Required work - Some lines hold the string "ezdxf". Copy all of them from the material that follows.

- - -

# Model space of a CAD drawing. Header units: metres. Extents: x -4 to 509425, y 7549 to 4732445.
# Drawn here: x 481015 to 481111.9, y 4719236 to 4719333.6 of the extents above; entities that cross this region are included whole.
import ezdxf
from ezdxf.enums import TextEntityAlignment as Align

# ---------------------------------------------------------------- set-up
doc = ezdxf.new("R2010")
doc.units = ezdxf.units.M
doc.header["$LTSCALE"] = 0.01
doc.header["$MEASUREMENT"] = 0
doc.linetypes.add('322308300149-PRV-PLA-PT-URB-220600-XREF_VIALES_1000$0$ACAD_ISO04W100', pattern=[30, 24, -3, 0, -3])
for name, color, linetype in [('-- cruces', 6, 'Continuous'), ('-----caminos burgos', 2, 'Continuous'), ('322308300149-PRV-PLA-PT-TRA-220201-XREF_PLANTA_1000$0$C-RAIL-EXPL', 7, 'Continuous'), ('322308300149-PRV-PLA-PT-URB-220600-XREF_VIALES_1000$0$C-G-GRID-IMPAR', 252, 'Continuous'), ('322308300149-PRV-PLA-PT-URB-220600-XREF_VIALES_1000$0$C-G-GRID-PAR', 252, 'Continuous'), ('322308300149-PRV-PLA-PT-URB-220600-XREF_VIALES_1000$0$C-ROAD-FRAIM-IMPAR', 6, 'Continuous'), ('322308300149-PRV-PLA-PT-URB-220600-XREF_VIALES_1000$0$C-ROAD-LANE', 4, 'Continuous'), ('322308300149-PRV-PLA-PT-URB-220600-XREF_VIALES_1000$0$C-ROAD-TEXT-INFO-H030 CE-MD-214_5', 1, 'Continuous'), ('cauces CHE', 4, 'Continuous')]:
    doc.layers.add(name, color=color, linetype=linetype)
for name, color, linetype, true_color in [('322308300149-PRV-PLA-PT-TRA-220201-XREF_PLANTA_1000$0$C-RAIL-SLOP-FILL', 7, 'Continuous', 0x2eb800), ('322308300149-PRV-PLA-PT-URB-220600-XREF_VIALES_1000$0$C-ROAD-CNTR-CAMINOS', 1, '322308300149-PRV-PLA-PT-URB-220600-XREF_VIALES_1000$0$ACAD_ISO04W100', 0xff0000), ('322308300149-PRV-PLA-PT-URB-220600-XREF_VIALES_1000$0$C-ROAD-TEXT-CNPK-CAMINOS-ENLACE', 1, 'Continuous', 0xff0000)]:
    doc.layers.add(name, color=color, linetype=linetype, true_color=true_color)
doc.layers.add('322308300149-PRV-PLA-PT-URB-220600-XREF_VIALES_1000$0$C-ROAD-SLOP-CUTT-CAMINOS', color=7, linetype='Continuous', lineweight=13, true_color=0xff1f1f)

- - -

Your response -
import ezdxf
from ezdxf.enums import TextEntityAlignment as Align
doc = ezdxf.new("R2010")
doc.units = ezdxf.units.M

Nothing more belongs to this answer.